# Self Improvement



## Freischutz (Mar 6, 2014)

I was thinking today about my personal flaws and thought I'd make a post inviting other ideas to get to know the people here. Inadequacies are so much more interesting to talk about than happy clappy boasting. 

So consider this a thread for things like new year's resolutions, but more serious things that will probably last you your whole lives. I do _hope_ you have something to say because it's an unfortunate life that's lived without the goal of self improvement!

Of course, I have many things that I could make better about myself, but today I was thinking about how I have to keep trying to be less misanthropic.
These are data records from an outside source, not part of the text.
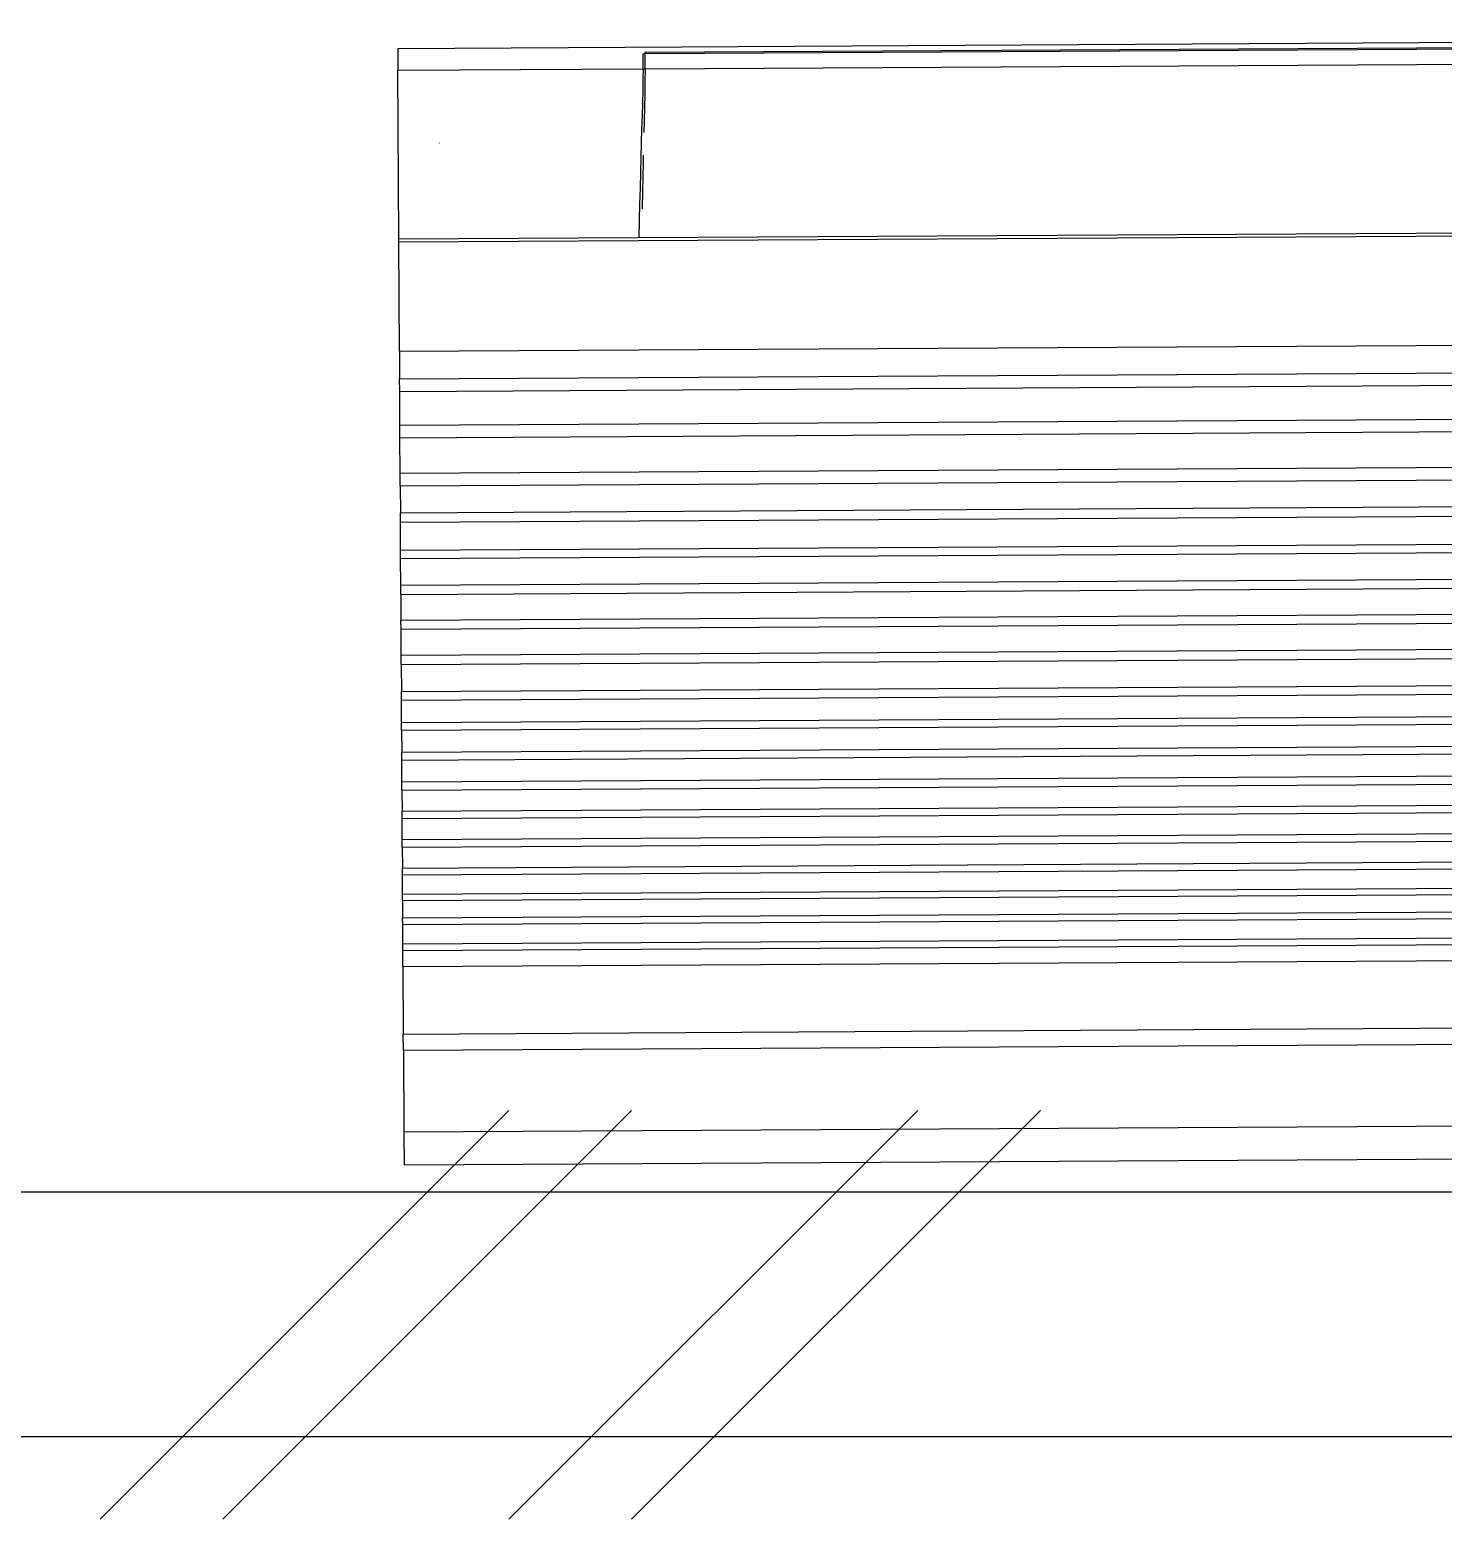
# Model space of a CAD drawing. Header units: millimetres. Extents: x 982 to 80582, y 687 to 58800.
# Drawn here: x 56753 to 57617, y 26658 to 27569 of the extents above; entities that cross this region are included whole.
import ezdxf

# ---------------------------------------------------------------- set-up
doc = ezdxf.new("R2010")
doc.units = ezdxf.units.MM
for name, color, linetype in [('A-WALL', 1, 'Continuous'), ('A-WLH', 7, 'Continuous'), ('Edges', 7, 'Continuous')]:
    doc.layers.add(name, color=color, linetype=linetype)

# ---------------------------------------------------------------- blocks, each defined once
blk = doc.blocks.new('air con')
at = {"layer": 'Edges'}
for p, q in [((71.402, 41.898), (152.402, 41.898)), ((152.402, 41.095), (152.402, 41.898)), ((71.402, 41.095), (152.402, 41.095)), ((152.402, 39.122), (152.402, 41.095)), ((71.402, 39.122), (152.402, 39.122)), ((152.402, 39.122), (152.402, 38.724)), ((152.402, 38.724), (71.402, 38.724)), ((152.402, 37.092), (152.402, 38.724)), ((152.402, 37.092), (71.402, 37.092)), ((152.402, 37.092), (152.402, 36.701)), ((152.402, 36.701), (71.402, 36.701)), ((152.402, 36.542), (71.402, 36.542)), ((152.402, 36.701), (152.402, 36.542)), ((152.402, 36.542), (152.402, 36.078)), ((152.402, 36.078), (71.402, 36.078)), ((152.402, 36.078), (152.402, 35.914)), ((152.402, 35.914), (71.402, 35.914)), ((152.402, 35.493), (152.402, 35.914)), ((152.402, 35.493), (71.402, 35.493)), ((152.402, 35.34), (71.402, 35.34)), ((152.402, 35.493), (152.402, 35.34)), ((152.402, 35.34), (152.402, 34.877)), ((152.402, 34.877), (71.402, 34.877)), ((152.402, 34.709), (71.402, 34.709)), ((152.402, 34.877), (152.402, 34.709)), ((152.402, 34.207), (152.402, 34.709)), ((152.402, 34.207), (71.402, 34.207)), ((152.402, 34.022), (71.402, 34.022)), ((152.402, 34.207), (152.402, 34.022)), ((152.402, 34.022), (152.402, 33.51)), ((152.402, 33.51), (71.402, 33.51)), ((152.402, 33.51), (152.402, 33.335)), ((152.402, 33.335), (71.402, 33.335)), ((152.402, 32.826), (152.402, 33.335)), ((152.402, 32.826), (71.402, 32.826)), ((152.402, 32.826), (152.402, 32.625)), ((152.402, 32.625), (71.402, 32.625)), ((152.402, 32.625), (152.402, 32.098)), ((152.402, 32.098), (71.402, 32.098)), ((152.402, 32.098), (152.402, 31.911)), ((152.402, 31.911), (71.402, 31.911)), ((152.402, 31.378), (152.402, 31.911)), ((152.402, 31.378), (71.402, 31.378)), ((152.402, 31.378), (152.402, 31.189)), ((152.402, 31.189), (71.402, 31.189)), ((152.402, 31.189), (152.402, 30.654)), ((152.402, 30.654), (71.402, 30.654)), ((152.402, 30.654), (152.402, 30.439)), ((152.402, 30.439), (71.402, 30.439)), ((152.402, 29.791), (152.402, 30.439)), ((152.402, 29.791), (71.402, 29.791)), ((152.402, 29.562), (71.402, 29.562)), ((152.402, 29.791), (152.402, 29.562)), ((152.402, 29.562), (152.402, 28.935)), ((152.402, 28.935), (71.402, 28.935)), ((152.402, 28.935), (152.402, 28.714)), ((152.402, 28.714), (71.402, 28.714)), ((152.402, 28.092), (152.402, 28.714)), ((152.402, 28.092), (71.402, 28.092)), ((152.402, 28.092), (152.402, 27.871)), ((152.402, 27.871), (71.402, 27.871)), ((152.402, 27.871), (152.402, 27.226)), ((152.402, 27.226), (71.402, 27.226)), ((152.402, 27.024), (71.402, 27.024)), ((152.402, 27.226), (152.402, 27.024)), ((152.402, 27.024), (152.402, 26.349)), ((152.402, 26.349), (71.402, 26.349)), ((152.402, 26.349), (152.402, 26.117)), ((152.402, 26.117), (71.402, 26.117)), ((152.402, 25.469), (152.402, 26.117)), ((152.402, 25.469), (71.402, 25.469)), ((152.402, 25.469), (152.402, 25.162)), ((152.402, 25.162), (71.402, 25.162)), ((152.402, 25.162), (152.402, 24.304)), ((152.402, 24.304), (71.402, 24.304)), ((152.402, 24.304), (152.402, 24.002)), ((152.402, 24.002), (71.402, 24.002)), ((152.402, 24.002), (152.402, 23.184)), ((152.402, 23.184), (71.402, 23.184)), ((152.402, 23.184), (152.402, 22.883)), ((152.402, 22.883), (71.402, 22.883)), ((152.402, 22.213), (152.402, 22.883)), ((152.402, 22.213), (71.402, 22.213)), ((152.402, 22.213), (152.402, 19.568)), ((152.402, 19.568), (71.402, 19.568)), ((152.402, 19.493), (71.402, 19.493)), ((146.588, 19.085), (146.601, 19.493)), ((152.402, 19.568), (152.402, 19.493)), ((152.402, 19.493), (152.402, 15.42)), ((146.504, 18.391), (146.514, 18.752)), ((146.514, 18.752), (146.516, 18.813)), ((146.575, 18.687), (146.588, 19.085)), ((146.494, 18.035), (146.504, 18.391)), ((146.562, 18.299), (146.575, 18.687)), ((146.484, 17.685), (146.494, 18.035)), ((146.55, 17.923), (146.562, 18.299)), ((146.479, 17.503), (146.484, 17.685)), ((146.538, 17.558), (146.55, 17.923)), ((146.527, 17.206), (146.538, 17.558)), ((146.456, 16.673), (146.464, 16.956)), ((146.516, 16.869), (146.527, 17.206)), ((151.402, 17.184), (151.402, 17.175)), ((146.447, 16.349), (146.456, 16.673)), ((146.505, 16.546), (146.516, 16.869)), ((146.438, 16.032), (146.447, 16.349)), ((146.486, 15.948), (146.495, 16.239)), ((146.495, 16.239), (146.505, 16.546)), ((146.429, 15.722), (146.438, 16.032)), ((146.477, 15.675), (146.486, 15.948)), ((146.421, 15.42), (146.429, 15.722)), ((146.468, 15.42), (146.477, 15.675)), ((146.421, 15.42), (76.921, 15.42)), ((146.468, 15.42), (146.421, 15.42)), ((146.421, 15.42), (146.421, 15.051)), ((152.402, 15.42), (146.468, 15.42)), ((146.468, 15.42), (146.468, 15.051)), ((152.402, 14.898), (152.402, 15.42)), ((71.402, 14.898), (152.402, 14.898)), ((146.421, 15.051), (76.921, 15.051)), ((146.421, 15.012), (76.921, 15.012)), ((146.468, 15.051), (146.421, 15.051)), ((146.421, 15.051), (146.421, 15.012))]:
    blk.add_line(p, q, dxfattribs=at)

msp = doc.modelspace()

# ---------------------------------------------------------------- linework, layer by layer
at = {"layer": 'A-WALL', "color": 8}
for p, q in [((53017.05, 26858.08), (61717.05, 26858.08)), ((61717.05, 26708.08), (53017.05, 26708.08))]:
    msp.add_line(p, q, dxfattribs=at)
at = {"layer": 'A-WLH', "color": 8}
for p, q in [((56795.98, 26657.8), (57045.98, 26907.8)), ((56870.98, 26657.8), (57120.98, 26907.8)), ((57045.98, 26657.8), (57295.98, 26907.8)), ((57120.98, 26657.8), (57370.98, 26907.8))]:
    msp.add_line(p, q, dxfattribs=at)

# ---------------------------------------------------------------- block references
at = {"xscale": 25.2884805851763, "yscale": 25.2884805851763, "zscale": 25.2884805851763, "rotation": 180.3241051881729}
msp.add_blockref('air con', (60829.79, 27955.52), dxfattribs=at)

doc.saveas('drawing.dxf')

I'm a living contradiction in that I preach (as you've seen!) equality and opportunity and I strongly believe in collectivism and working people's empowerment, but I'm fairly anti-social and dislike the company of other people, not just because I don't find it rewarding, but because I find many human attitudes and behaviours annoying to witness and be around. I essentially want people to be able to lead better lives, but I want nothing to do with them!

This makes me sound a bit stuck-up, but then so it should - a lot of the time, I _am_ stuck-up and I'm not proud of it, so I admit it and then try to change it.


----------



## clavichorder (May 2, 2011)

I don't know where to begin with this... 

A few things I can think of:

I think I always need to work on my ability to pay attention and sustain concentration. I also think I need to work on my ability to deliver a genuine smile. Perhaps another thing, is learning how to fill my life with more meaningful activities and engagements.


----------



## aleazk (Sep 30, 2011)

Freischutz said:


> I was thinking today about my personal flaws and thought I'd make a post inviting other ideas to get to know the people here. Inadequacies are so much more interesting to talk about than happy clappy boasting.


Hehe:

"One should judge a man mainly from his depravities. Virtues can be faked. Depravities are real." -Klaus Kinski in Werner Herzog's 'Aguirre, der Zorn Gottes' (1972)

------------------------------------------------------------------------

Unfortunately, my "depravities" are of the most common type, and thus not that interesting. Antisocial/introvert guy coming from a science background and with some artistic interests.


----------



## Weston (Jul 11, 2008)

I never learned the discipline of delayed gratification. If I had worked for myself half as hard as I work for other people, I'd still be working for myself and I'd be happy and fairly well off. I just don't have the discipline and cannot seem to acquire it.


----------



## mirepoix (Feb 1, 2014)

No excuses.
Honesty. Or more exactly, self-honesty.
Gaining the ability to look at yourself and admit not just _who_ you are, but also _why_ you're who you are. It's difficult for some to do that, because often revealing the truth about yourself (or those closest to you) can be a sad or painful experience. However it's worth it, because the reward for doing so is simple and provides all you need to be happy, complete, and at peace.
Here you are, there's all you can be, and it's truly yours for the taking.
No excuses. Be honest.

e: and always find time to stop and stroke a cat or throw a stick for a dog.


----------



## SiegendesLicht (Mar 4, 2012)

aleazk said:


> Unfortunately, my "depravities" are of the most common type, and thus not that interesting. Antisocial/introvert guy coming from a science background and with some artistic interests.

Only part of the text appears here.